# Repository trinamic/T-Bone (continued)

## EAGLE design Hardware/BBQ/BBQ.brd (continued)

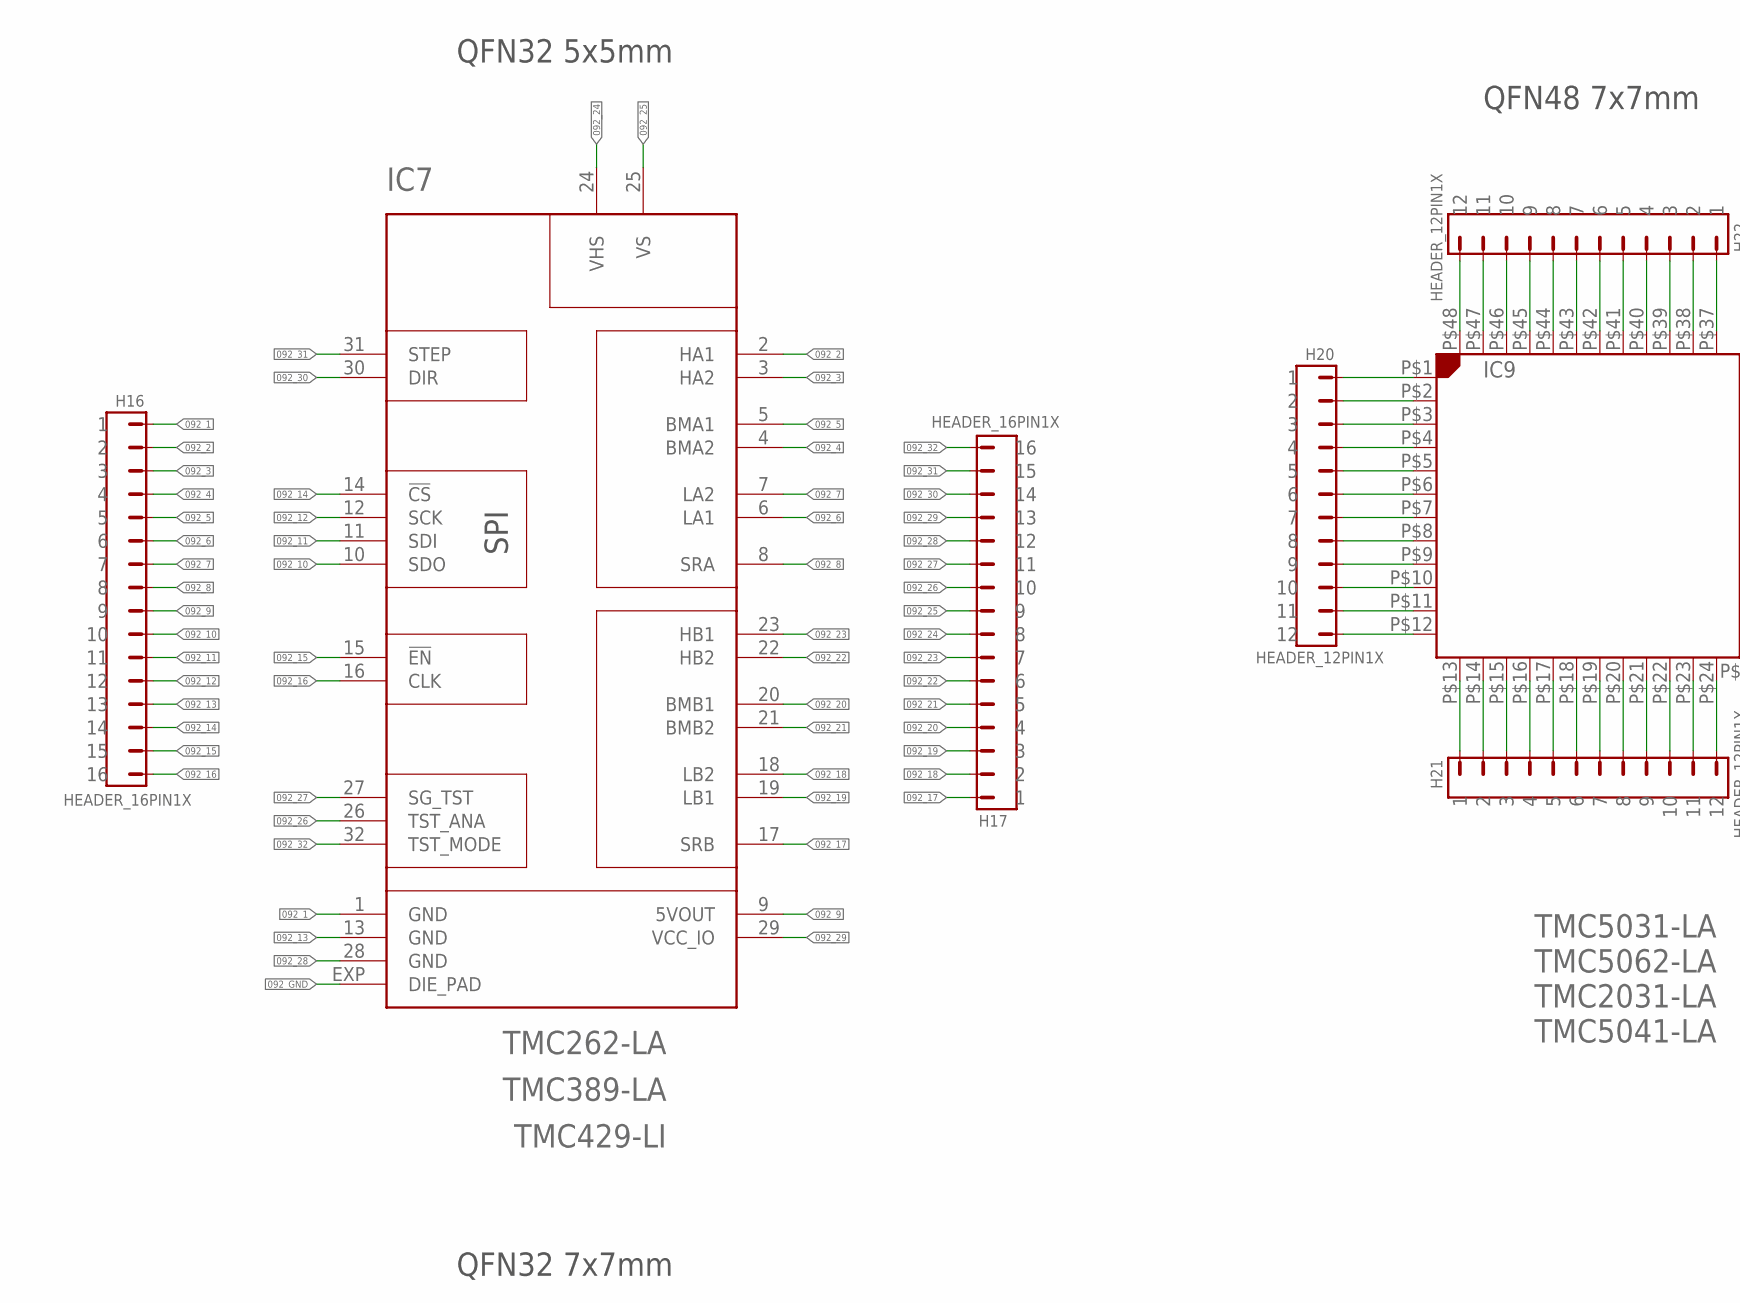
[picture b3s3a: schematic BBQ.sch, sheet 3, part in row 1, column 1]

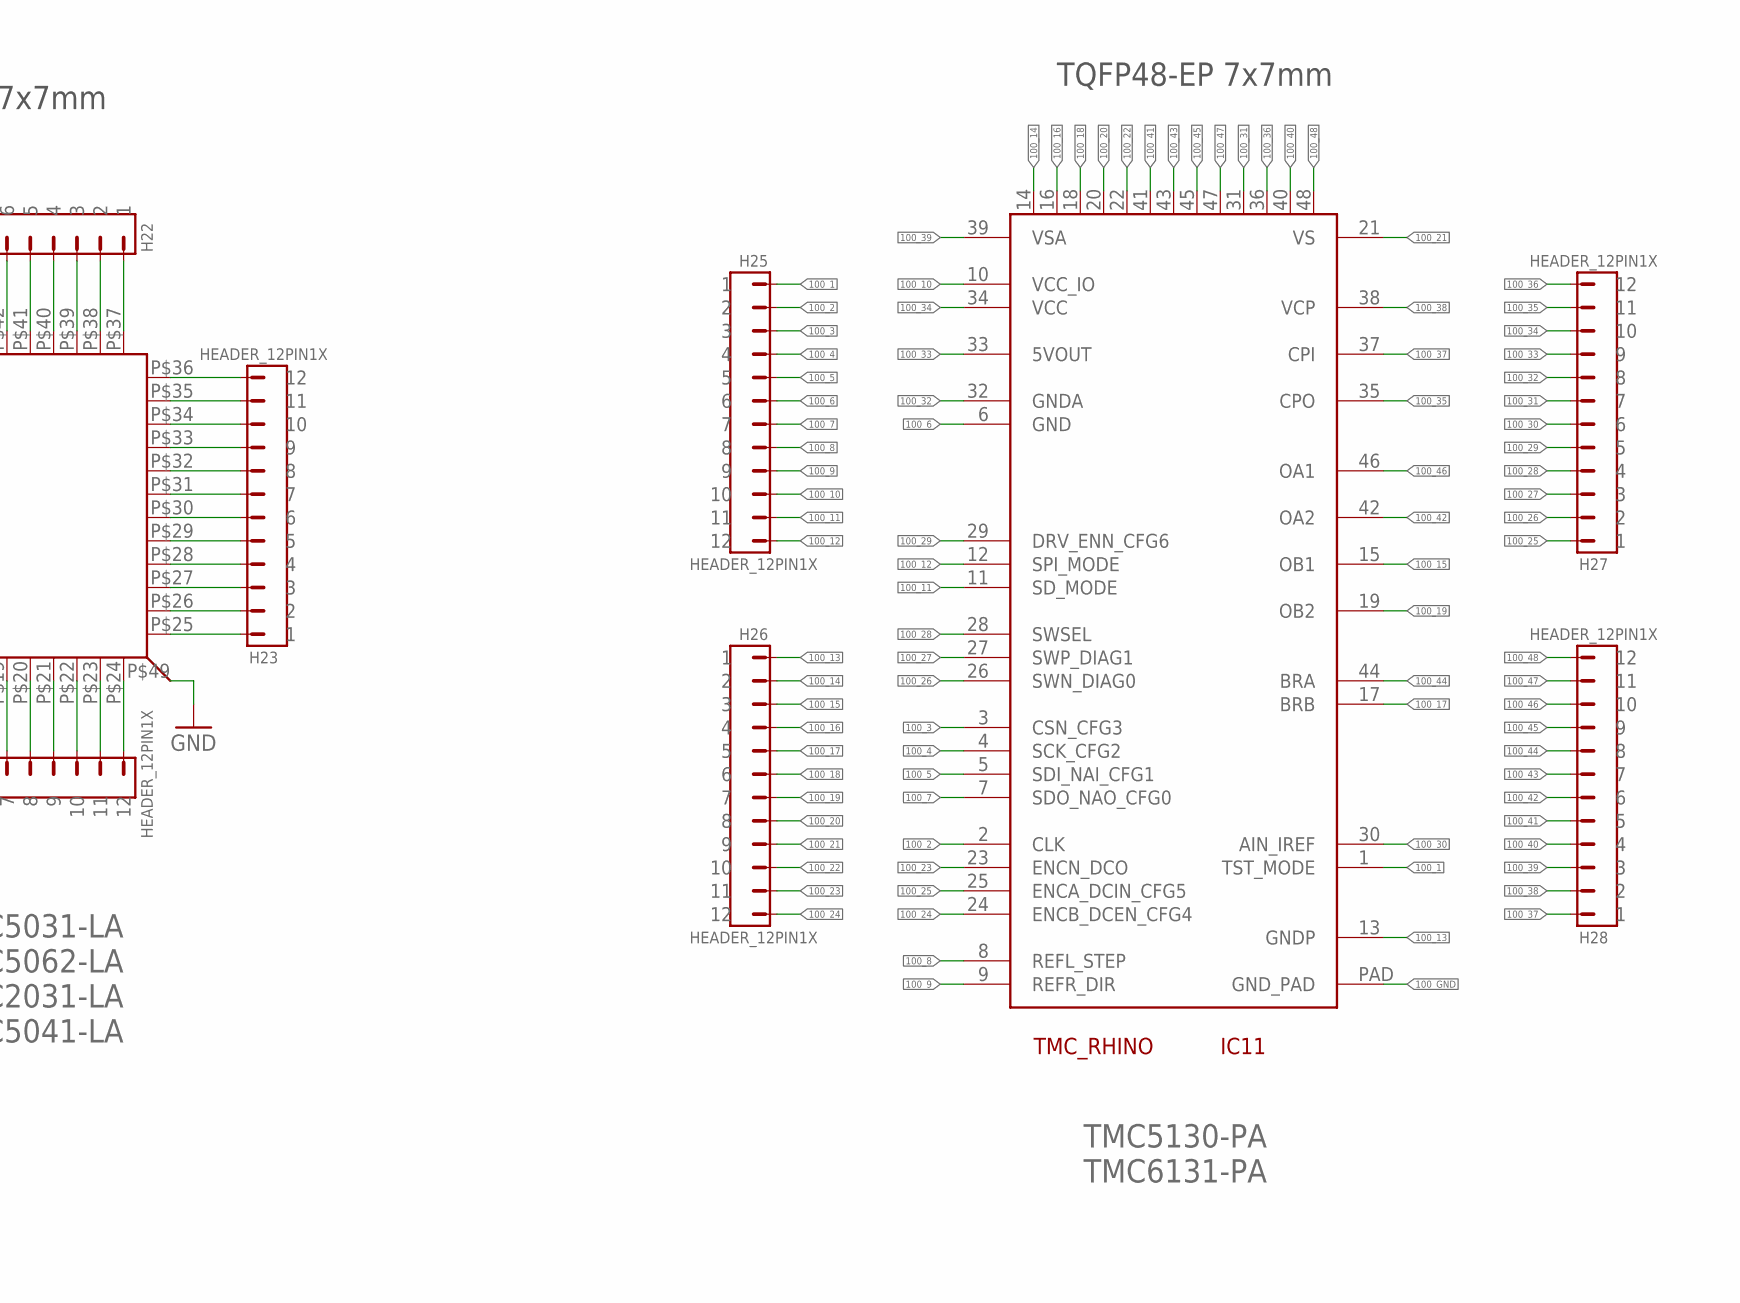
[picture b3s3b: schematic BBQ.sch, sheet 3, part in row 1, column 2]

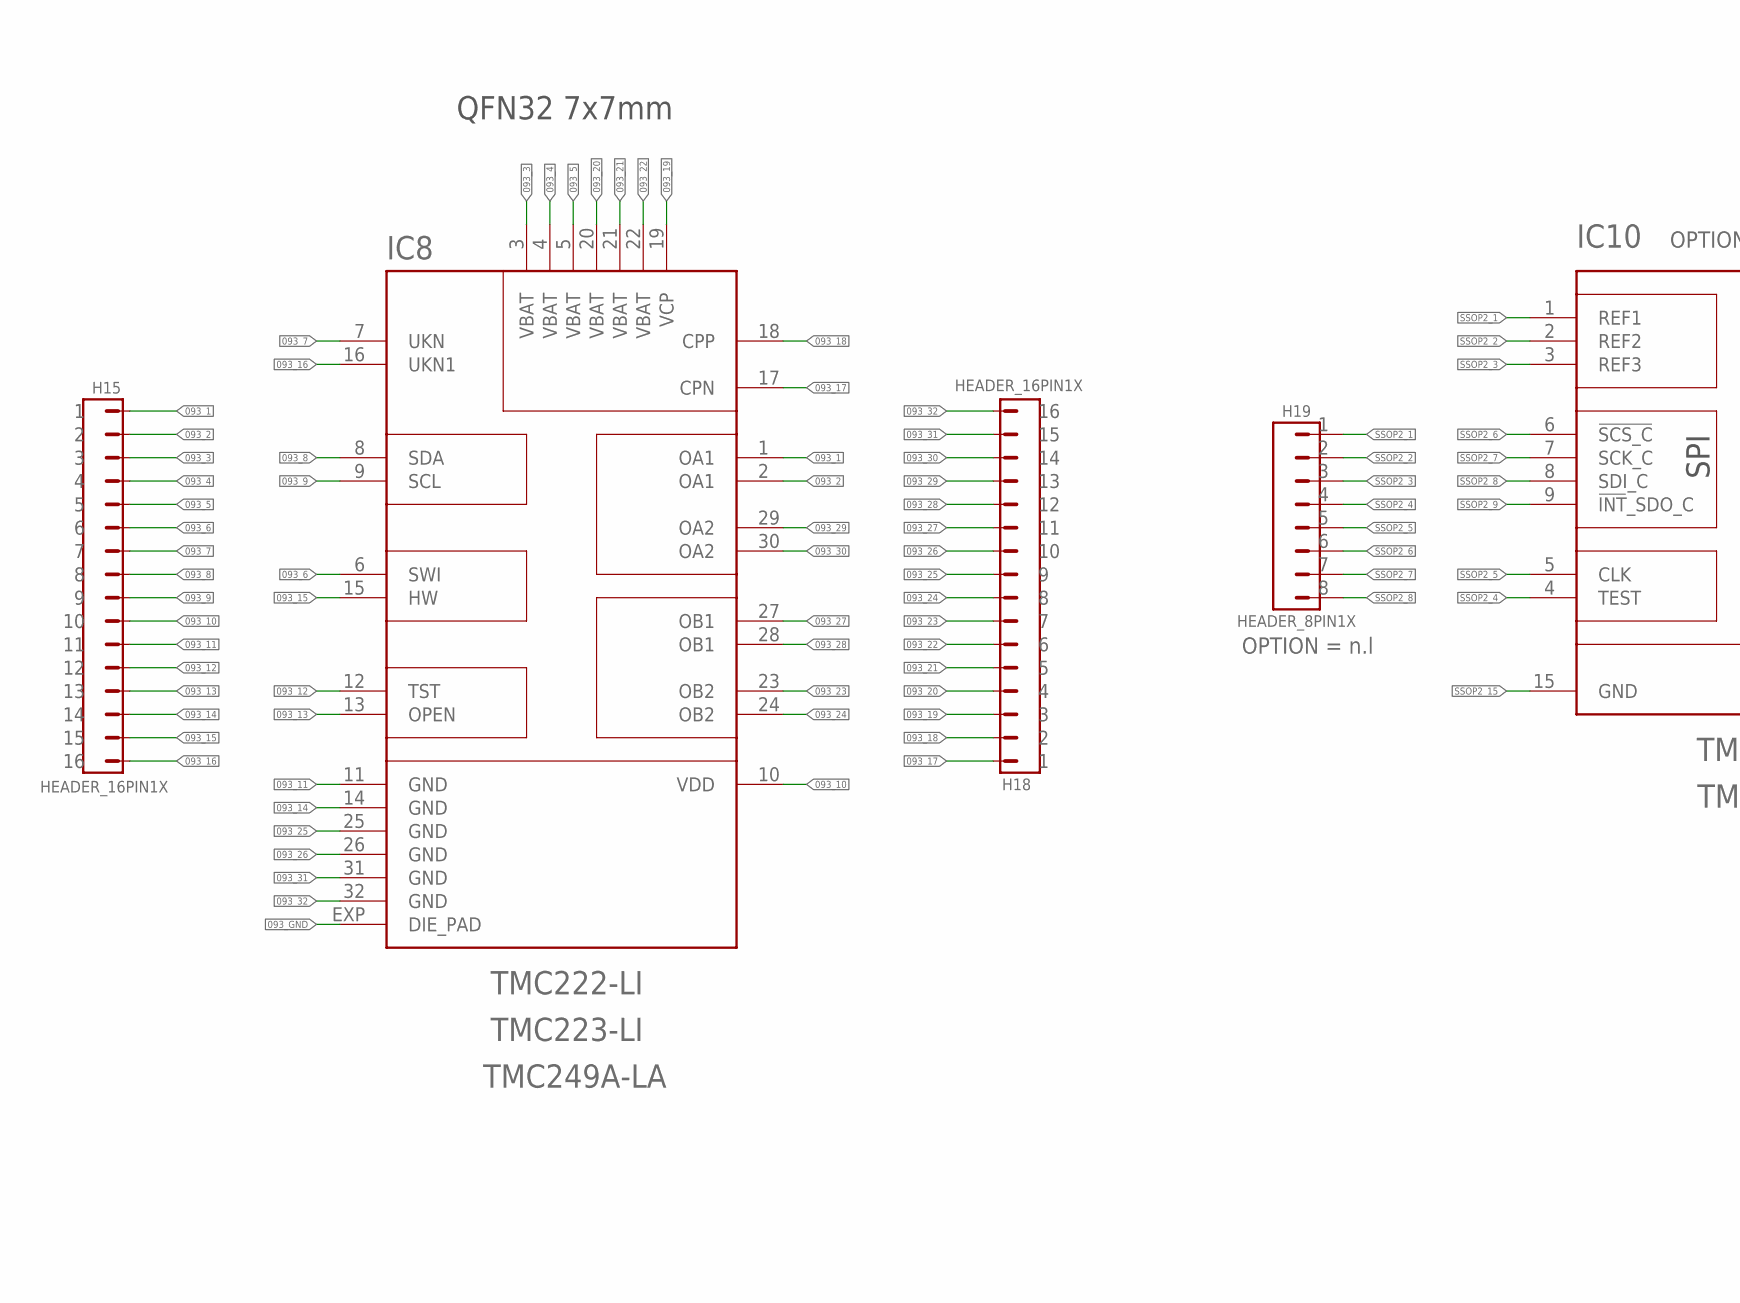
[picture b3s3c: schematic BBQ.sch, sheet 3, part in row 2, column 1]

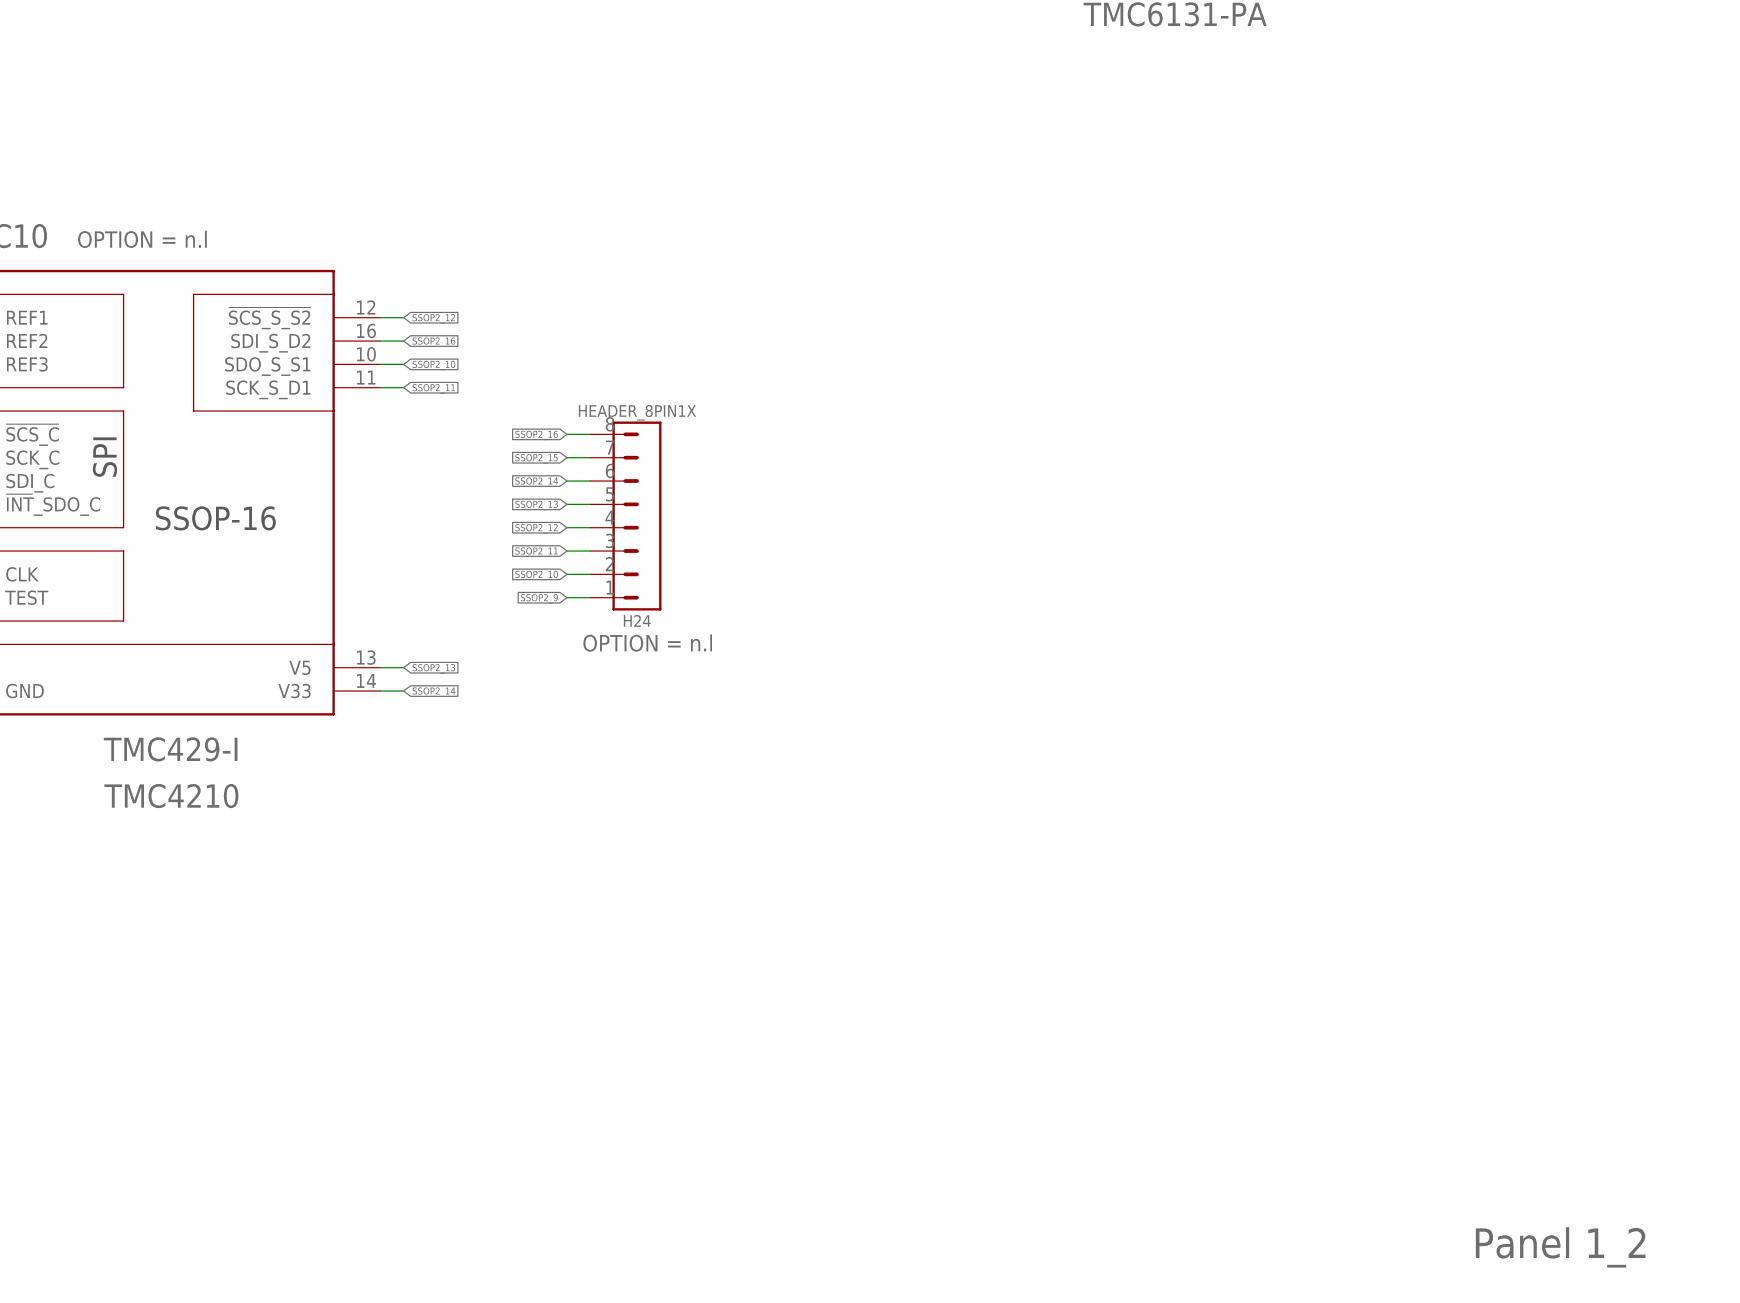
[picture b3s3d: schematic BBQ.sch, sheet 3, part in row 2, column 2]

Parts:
H15, H16, H17, H18: HEADER_16PIN1X; 16PIN_2.54_TH
H19, H24: HEADER_8PIN1X; 8PIN_2.54_TH
H20, H21, H22, H23, H25, H26, H27, H28: HEADER_12PIN1X; 12PIN_2.54_TH
IC7: TMC262-LA; QFN32_5X5
IC8: TMC222-LI; QFN32_7X7
IC9: TMC5031-LA; QFN-48_7X7
IC10: TMC429-I; SSOP16
IC11: TMC_RHINO; TQFP48-EP

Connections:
092_1: H16.1, IC7.1 (GND)
092_2: H16.2, IC7.2 (HA1)
092_3: H16.3, IC7.3 (HA2)
092_4: H16.4, IC7.4 (BMA2)
092_5: H16.5, IC7.5 (BMA1)
092_6: H16.6, IC7.6 (LA1)
092_7: H16.7, IC7.7 (LA2)
092_8: H16.8, IC7.8 (SRA)
092_9: H16.9, IC7.9 (5VOUT)
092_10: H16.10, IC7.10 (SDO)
•••
(Work required):
Wherever the word "picture" appears in a line of the data, copy that line.

(Task output):
[picture b3s3a: schematic BBQ.sch, sheet 3, part in row 1, column 1]
[picture b3s3b: schematic BBQ.sch, sheet 3, part in row 1, column 2]
[picture b3s3c: schematic BBQ.sch, sheet 3, part in row 2, column 1]
[picture b3s3d: schematic BBQ.sch, sheet 3, part in row 2, column 2]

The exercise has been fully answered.